The problem:
Copy every entry word for word. Skip the pictures.

----------------

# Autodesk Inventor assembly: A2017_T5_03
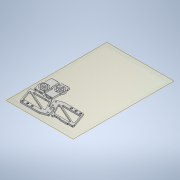
[picture p0: Inventor's stored thumbnail of the model, 180x180]
Saved by Autodesk Inventor 2020 (Build 240168000, 168)
## iProperties
Created: 2021-08-27
Part Number: A2017_T5_03
Document SubType Name: Assembly
Designer: Masato
Author: Masato
## Documents named in this file (4)
- C:\Users\naoki\Documents\Inventor\CitBrains\git_clone\OpenPlatform4_0\A2017_T5_03\OpenPlatform_ver3_0\cam\A2017_T5_03.iam
- C:\Users\naoki\Documents\Inventor\CitBrains\git_clone\OpenPlatform4_0\A2017_T5_03\OpenPlatform_ver3_0\cam\Disposable_Board.ipt
- C:\Users\naoki\Documents\Inventor\CitBrains\git_clone\OpenPlatform4_0\A2017_T5_03\OpenPlatform_ver3_0\LowerBody\Leg_joit\Leg_joint_yaw_frame.ipt
- C:\Users\naoki\Documents\Inventor\CitBrains\git_clone\OpenPlatform4_0\A2017_T5_03\OpenPlatform_ver3_0\UpperBody\Trunk\Trunk_lower_flank_frame.ipt
## Components (5 placed, 3 different names)
1. Disposable_Board:1 — メイト:2, メイト:1, フラッシュ:1, フラッシュ:2, メイト:4, メイト:5, メイト:6, メイト:7, フラッシュ:3, フラッシュ:4, 正接:1
2. Leg_joint_yaw_frame:1 — メイト:4, 正接:1, メイト:10, 正接:2
3. Leg_joint_yaw_frame:2 — メイト:5, メイト:11, 正接:2
4. Trunk_lower_flank_frame:1 — メイト:7, フラッシュ:3, フラッシュ:4, メイト:8, メイト:9, メイト:10, メイト:11
5. Trunk_lower_flank_frame:2 — メイト:6, メイト:8, メイト:9
## Relationships (16: Mate 10, Flush 4, Tangent 2)
- メイト:2 [Mate]: Disposable_Board:1
- メイト:1 [Mate]: Disposable_Board:1
- フラッシュ:1 [Flush]: Disposable_Board:1
- フラッシュ:2 [Flush]: Disposable_Board:1
- メイト:4 [Mate]: Disposable_Board:1 ↔ Leg_joint_yaw_frame:1
- メイト:5 [Mate]: Disposable_Board:1 ↔ Leg_joint_yaw_frame:2
- メイト:6 [Mate]: Disposable_Board:1 ↔ Trunk_lower_flank_frame:2
- メイト:7 [Mate]: Disposable_Board:1 ↔ Trunk_lower_flank_frame:1
- フラッシュ:3 [Flush] (2 mm): Disposable_Board:1 ↔ Trunk_lower_flank_frame:1
- フラッシュ:4 [Flush] (2 mm): Disposable_Board:1 ↔ Trunk_lower_flank_frame:1
- メイト:8 [Mate] (2.5 mm): Trunk_lower_flank_frame:1 ↔ Trunk_lower_flank_frame:2
- メイト:9 [Mate] (2.5 mm): Trunk_lower_flank_frame:1 ↔ Trunk_lower_flank_frame:2
- 正接:1 [Tangent] (2 mm): Disposable_Board:1 ↔ Leg_joint_yaw_frame:1
- メイト:10 [Mate] (2.5 mm): Leg_joint_yaw_frame:1 ↔ Trunk_lower_flank_frame:1
- メイト:11 [Mate] (2.5 mm): Leg_joint_yaw_frame:2 ↔ Trunk_lower_flank_frame:1
- 正接:2 [Tangent] (2.5 mm): Leg_joint_yaw_frame:1 ↔ Leg_joint_yaw_frame:2

----------------

Exercise solution:
# Autodesk Inventor assembly: A2017_T5_03
[picture p0: Inventor's stored thumbnail of the model, 180x180]
Saved by Autodesk Inventor 2020 (Build 240168000, 168)
## iProperties
Created: 2021-08-27
Part Number: A2017_T5_03
Document SubType Name: Assembly
Designer: Masato
Author: Masato
## Documents named in this file (4)
- C:\Users\naoki\Documents\Inventor\CitBrains\git_clone\OpenPlatform4_0\A2017_T5_03\OpenPlatform_ver3_0\cam\A2017_T5_03.iam
- C:\Users\naoki\Documents\Inventor\CitBrains\git_clone\OpenPlatform4_0\A2017_T5_03\OpenPlatform_ver3_0\cam\Disposable_Board.ipt
- C:\Users\naoki\Documents\Inventor\CitBrains\git_clone\OpenPlatform4_0\A2017_T5_03\OpenPlatform_ver3_0\LowerBody\Leg_joit\Leg_joint_yaw_frame.ipt
- C:\Users\naoki\Documents\Inventor\CitBrains\git_clone\OpenPlatform4_0\A2017_T5_03\OpenPlatform_ver3_0\UpperBody\Trunk\Trunk_lower_flank_frame.ipt
## Components (5 placed, 3 different names)
1. Disposable_Board:1 — メイト:2, メイト:1, フラッシュ:1, フラッシュ:2, メイト:4, メイト:5, メイト:6, メイト:7, フラッシュ:3, フラッシュ:4, 正接:1
2. Leg_joint_yaw_frame:1 — メイト:4, 正接:1, メイト:10, 正接:2
3. Leg_joint_yaw_frame:2 — メイト:5, メイト:11, 正接:2
4. Trunk_lower_flank_frame:1 — メイト:7, フラッシュ:3, フラッシュ:4, メイト:8, メイト:9, メイト:10, メイト:11
5. Trunk_lower_flank_frame:2 — メイト:6, メイト:8, メイト:9
## Relationships (16: Mate 10, Flush 4, Tangent 2)
- メイト:2 [Mate]: Disposable_Board:1
- メイト:1 [Mate]: Disposable_Board:1
- フラッシュ:1 [Flush]: Disposable_Board:1
- フラッシュ:2 [Flush]: Disposable_Board:1
- メイト:4 [Mate]: Disposable_Board:1 ↔ Leg_joint_yaw_frame:1
- メイト:5 [Mate]: Disposable_Board:1 ↔ Leg_joint_yaw_frame:2
- メイト:6 [Mate]: Disposable_Board:1 ↔ Trunk_lower_flank_frame:2
- メイト:7 [Mate]: Disposable_Board:1 ↔ Trunk_lower_flank_frame:1
- フラッシュ:3 [Flush] (2 mm): Disposable_Board:1 ↔ Trunk_lower_flank_frame:1
- フラッシュ:4 [Flush] (2 mm): Disposable_Board:1 ↔ Trunk_lower_flank_frame:1
- メイト:8 [Mate] (2.5 mm): Trunk_lower_flank_frame:1 ↔ Trunk_lower_flank_frame:2
- メイト:9 [Mate] (2.5 mm): Trunk_lower_flank_frame:1 ↔ Trunk_lower_flank_frame:2
- 正接:1 [Tangent] (2 mm): Disposable_Board:1 ↔ Leg_joint_yaw_frame:1
- メイト:10 [Mate] (2.5 mm): Leg_joint_yaw_frame:1 ↔ Trunk_lower_flank_frame:1
- メイト:11 [Mate] (2.5 mm): Leg_joint_yaw_frame:2 ↔ Trunk_lower_flank_frame:1
- 正接:2 [Tangent] (2.5 mm): Leg_joint_yaw_frame:1 ↔ Leg_joint_yaw_frame:2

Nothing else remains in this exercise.